Every line of the material that includes the word "color" is to be shown.

THE DATA
►

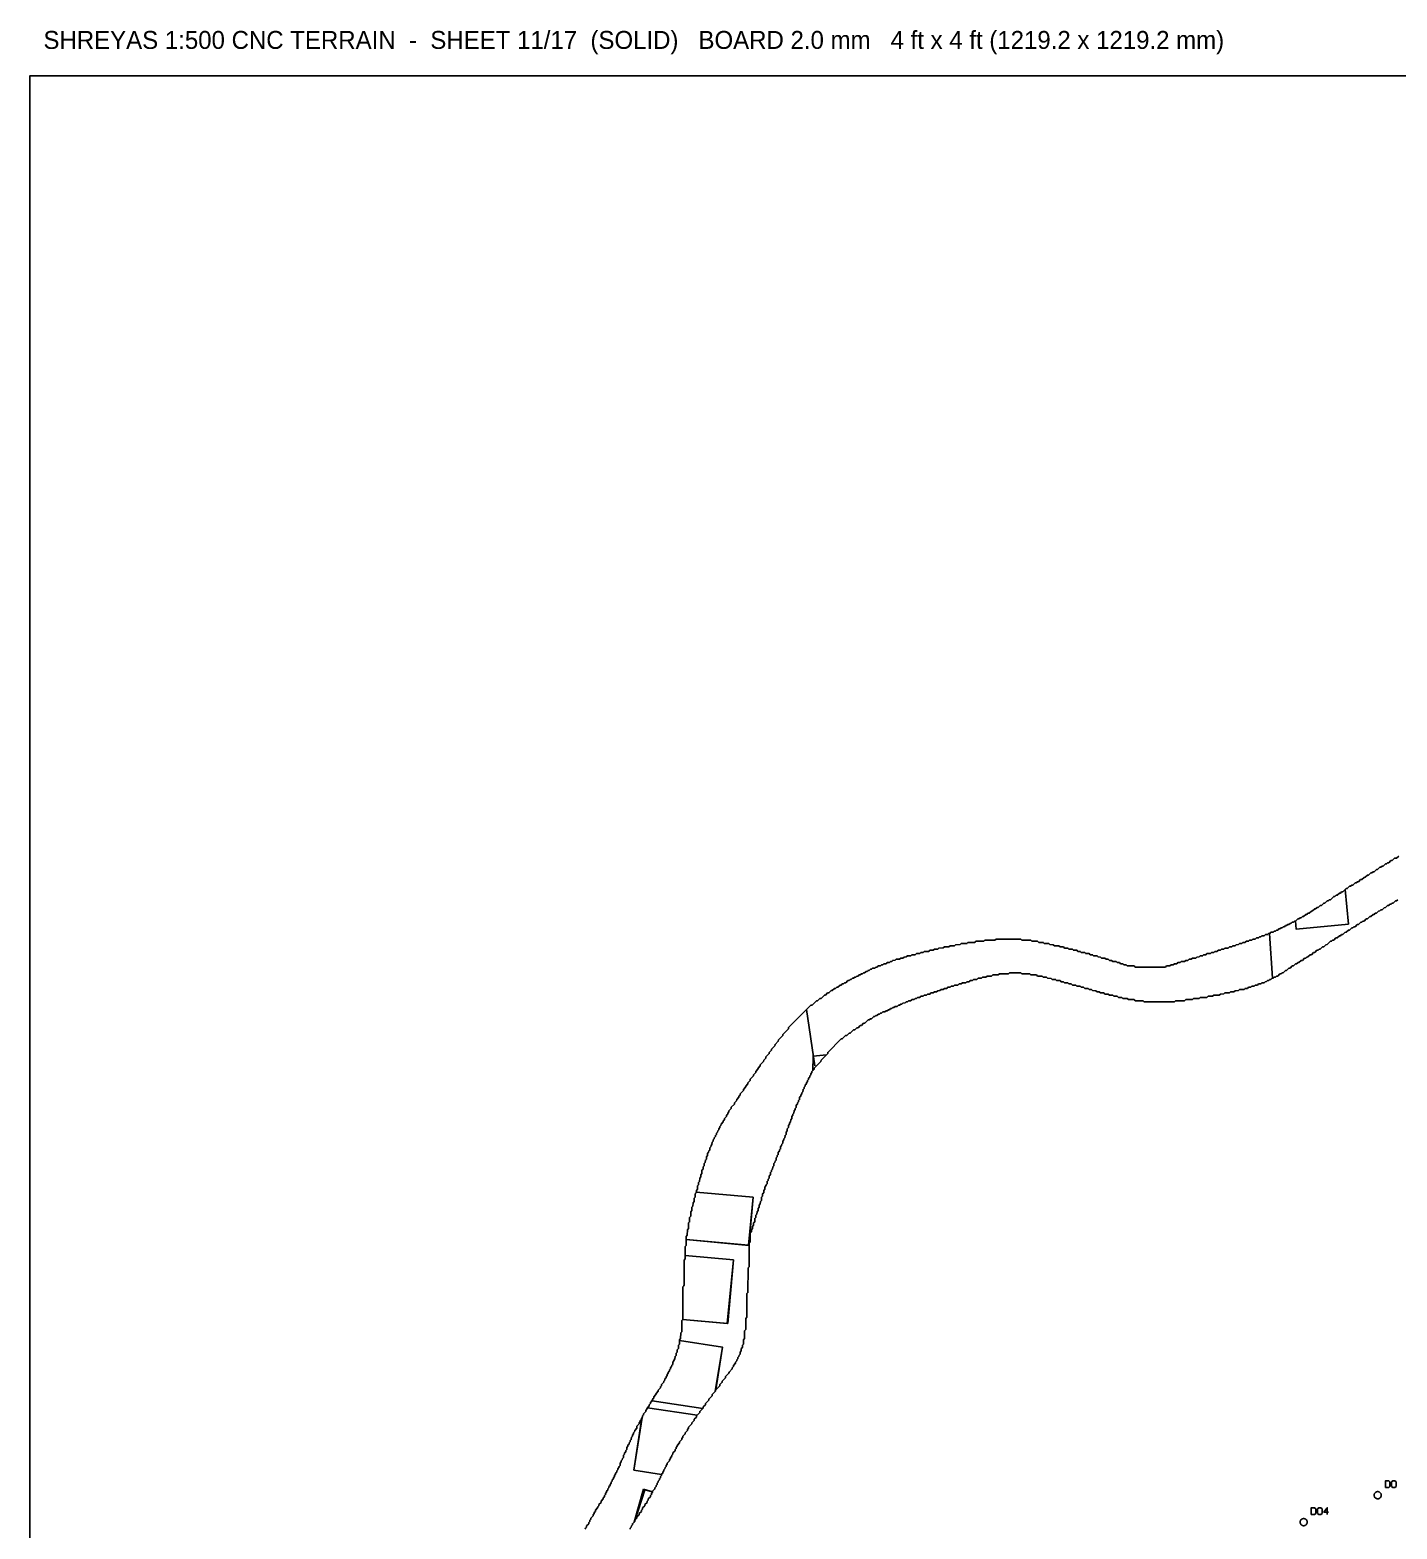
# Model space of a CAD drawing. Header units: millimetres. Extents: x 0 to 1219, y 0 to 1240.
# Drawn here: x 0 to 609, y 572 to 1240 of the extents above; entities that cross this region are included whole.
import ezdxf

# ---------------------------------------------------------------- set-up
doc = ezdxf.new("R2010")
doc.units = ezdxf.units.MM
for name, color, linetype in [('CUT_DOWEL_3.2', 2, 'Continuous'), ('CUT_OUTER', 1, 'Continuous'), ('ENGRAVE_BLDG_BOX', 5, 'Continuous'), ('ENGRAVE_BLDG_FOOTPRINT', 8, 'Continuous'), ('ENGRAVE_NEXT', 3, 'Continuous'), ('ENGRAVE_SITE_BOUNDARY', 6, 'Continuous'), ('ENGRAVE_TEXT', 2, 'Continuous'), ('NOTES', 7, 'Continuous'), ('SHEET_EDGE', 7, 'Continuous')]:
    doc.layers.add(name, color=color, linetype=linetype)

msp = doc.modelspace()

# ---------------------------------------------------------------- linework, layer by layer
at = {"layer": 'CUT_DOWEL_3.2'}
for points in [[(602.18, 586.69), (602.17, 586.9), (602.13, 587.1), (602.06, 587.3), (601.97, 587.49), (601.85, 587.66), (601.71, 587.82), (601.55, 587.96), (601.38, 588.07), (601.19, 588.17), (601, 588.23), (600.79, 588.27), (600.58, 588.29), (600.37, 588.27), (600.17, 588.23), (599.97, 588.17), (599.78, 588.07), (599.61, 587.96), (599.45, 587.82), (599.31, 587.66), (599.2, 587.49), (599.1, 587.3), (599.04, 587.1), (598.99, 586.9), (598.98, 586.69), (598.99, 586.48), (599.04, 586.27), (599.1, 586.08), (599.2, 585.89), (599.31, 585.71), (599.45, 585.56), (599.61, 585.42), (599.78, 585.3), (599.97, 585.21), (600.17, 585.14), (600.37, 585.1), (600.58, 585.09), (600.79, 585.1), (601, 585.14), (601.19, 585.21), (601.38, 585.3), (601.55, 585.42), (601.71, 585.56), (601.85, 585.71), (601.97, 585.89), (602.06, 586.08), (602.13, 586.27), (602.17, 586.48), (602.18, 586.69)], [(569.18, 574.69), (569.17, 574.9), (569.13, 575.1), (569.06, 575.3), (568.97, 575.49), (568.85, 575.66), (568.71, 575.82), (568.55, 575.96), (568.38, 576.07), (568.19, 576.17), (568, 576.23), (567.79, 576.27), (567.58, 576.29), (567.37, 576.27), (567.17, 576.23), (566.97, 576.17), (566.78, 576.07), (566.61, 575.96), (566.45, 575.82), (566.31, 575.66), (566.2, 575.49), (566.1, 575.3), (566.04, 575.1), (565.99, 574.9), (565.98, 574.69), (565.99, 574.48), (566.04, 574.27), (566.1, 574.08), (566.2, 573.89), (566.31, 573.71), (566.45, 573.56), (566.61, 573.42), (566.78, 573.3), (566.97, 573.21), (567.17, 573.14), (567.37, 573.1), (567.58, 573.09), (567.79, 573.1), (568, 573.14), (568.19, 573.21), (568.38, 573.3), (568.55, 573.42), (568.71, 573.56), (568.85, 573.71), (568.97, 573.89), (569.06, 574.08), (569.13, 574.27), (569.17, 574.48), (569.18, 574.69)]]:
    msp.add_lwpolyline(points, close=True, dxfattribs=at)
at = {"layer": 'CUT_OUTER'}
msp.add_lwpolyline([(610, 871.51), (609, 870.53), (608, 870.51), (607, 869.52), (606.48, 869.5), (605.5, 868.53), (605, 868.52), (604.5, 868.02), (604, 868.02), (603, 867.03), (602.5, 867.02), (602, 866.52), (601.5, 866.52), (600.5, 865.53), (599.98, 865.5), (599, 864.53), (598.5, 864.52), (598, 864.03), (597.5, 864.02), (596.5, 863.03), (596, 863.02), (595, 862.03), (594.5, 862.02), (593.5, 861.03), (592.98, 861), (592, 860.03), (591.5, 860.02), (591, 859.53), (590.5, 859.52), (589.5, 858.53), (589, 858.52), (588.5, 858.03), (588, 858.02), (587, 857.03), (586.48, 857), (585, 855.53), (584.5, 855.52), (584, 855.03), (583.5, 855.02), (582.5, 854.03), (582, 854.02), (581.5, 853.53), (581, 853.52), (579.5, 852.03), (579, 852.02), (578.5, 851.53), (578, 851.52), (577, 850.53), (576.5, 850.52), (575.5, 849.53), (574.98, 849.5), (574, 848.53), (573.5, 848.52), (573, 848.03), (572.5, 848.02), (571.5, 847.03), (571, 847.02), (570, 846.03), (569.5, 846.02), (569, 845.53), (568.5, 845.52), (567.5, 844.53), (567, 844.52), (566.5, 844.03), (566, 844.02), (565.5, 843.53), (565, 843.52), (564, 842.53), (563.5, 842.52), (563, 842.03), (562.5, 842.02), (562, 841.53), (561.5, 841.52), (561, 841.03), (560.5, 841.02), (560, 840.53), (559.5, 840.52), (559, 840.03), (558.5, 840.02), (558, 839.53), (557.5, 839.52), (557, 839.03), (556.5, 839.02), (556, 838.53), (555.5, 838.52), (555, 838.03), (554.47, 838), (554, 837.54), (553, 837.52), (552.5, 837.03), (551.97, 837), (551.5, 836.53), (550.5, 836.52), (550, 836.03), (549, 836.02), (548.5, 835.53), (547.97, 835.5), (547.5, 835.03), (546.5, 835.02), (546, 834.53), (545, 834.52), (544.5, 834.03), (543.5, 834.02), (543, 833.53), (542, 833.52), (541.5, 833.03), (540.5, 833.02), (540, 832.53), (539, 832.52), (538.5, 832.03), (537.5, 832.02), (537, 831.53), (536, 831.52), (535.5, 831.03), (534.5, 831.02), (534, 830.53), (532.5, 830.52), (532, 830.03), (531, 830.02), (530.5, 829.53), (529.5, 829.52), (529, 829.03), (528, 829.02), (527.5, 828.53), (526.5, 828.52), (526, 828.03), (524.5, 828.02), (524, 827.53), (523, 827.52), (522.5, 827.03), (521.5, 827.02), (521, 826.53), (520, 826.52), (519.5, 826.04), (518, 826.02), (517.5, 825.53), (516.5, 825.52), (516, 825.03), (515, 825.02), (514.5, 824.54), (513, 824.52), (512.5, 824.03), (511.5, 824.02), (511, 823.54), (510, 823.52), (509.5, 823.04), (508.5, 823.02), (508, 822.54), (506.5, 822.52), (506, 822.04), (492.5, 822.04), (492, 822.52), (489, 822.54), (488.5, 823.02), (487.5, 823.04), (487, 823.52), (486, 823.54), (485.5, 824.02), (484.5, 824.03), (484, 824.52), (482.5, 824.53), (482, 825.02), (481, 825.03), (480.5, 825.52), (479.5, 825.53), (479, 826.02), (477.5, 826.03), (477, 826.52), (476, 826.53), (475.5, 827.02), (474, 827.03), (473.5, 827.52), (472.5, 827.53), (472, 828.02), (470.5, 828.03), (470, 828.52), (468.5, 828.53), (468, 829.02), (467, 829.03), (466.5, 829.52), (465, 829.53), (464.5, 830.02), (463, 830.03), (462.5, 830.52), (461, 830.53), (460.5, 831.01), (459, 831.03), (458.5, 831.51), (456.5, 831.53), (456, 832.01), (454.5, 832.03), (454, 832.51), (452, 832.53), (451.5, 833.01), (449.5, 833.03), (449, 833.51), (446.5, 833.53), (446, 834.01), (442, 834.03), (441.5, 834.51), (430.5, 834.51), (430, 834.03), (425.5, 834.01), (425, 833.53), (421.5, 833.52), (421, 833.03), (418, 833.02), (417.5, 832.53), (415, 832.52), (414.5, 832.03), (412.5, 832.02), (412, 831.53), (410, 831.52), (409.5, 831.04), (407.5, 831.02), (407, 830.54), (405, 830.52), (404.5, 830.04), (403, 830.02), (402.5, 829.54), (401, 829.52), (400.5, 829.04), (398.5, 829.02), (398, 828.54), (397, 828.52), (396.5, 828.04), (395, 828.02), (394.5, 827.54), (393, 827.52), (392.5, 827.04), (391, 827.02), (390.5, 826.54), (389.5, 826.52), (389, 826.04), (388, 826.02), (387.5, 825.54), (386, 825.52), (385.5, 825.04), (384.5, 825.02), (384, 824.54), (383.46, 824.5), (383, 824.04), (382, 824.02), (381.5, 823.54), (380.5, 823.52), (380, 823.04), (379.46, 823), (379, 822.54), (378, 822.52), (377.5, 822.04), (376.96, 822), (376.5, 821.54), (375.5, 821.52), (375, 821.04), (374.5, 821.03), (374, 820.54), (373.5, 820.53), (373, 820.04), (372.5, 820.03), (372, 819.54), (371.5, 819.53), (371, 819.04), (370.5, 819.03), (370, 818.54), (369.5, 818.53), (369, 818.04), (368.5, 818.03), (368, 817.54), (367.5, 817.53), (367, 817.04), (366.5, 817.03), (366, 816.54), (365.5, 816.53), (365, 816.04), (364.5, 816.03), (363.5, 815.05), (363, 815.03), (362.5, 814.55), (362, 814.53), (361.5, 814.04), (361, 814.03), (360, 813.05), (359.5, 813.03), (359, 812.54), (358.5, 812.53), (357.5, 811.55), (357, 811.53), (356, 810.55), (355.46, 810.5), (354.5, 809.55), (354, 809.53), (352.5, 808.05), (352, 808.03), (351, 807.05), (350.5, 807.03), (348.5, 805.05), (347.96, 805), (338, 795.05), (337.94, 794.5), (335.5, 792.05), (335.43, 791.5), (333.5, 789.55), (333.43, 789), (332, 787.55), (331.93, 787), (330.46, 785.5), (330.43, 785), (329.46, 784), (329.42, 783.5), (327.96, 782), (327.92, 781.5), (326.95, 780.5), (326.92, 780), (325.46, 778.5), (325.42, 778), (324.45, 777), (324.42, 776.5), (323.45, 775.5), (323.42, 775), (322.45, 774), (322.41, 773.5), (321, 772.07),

◄

RESPONSE TO THE TASK
for name, color, linetype in [('CUT_DOWEL_3.2', 2, 'Continuous'), ('CUT_OUTER', 1, 'Continuous'), ('ENGRAVE_BLDG_BOX', 5, 'Continuous'), ('ENGRAVE_BLDG_FOOTPRINT', 8, 'Continuous'), ('ENGRAVE_NEXT', 3, 'Continuous'), ('ENGRAVE_SITE_BOUNDARY', 6, 'Continuous'), ('ENGRAVE_TEXT', 2, 'Continuous'), ('NOTES', 7, 'Continuous'), ('SHEET_EDGE', 7, 'Continuous')]:
    doc.layers.add(name, color=color, linetype=linetype)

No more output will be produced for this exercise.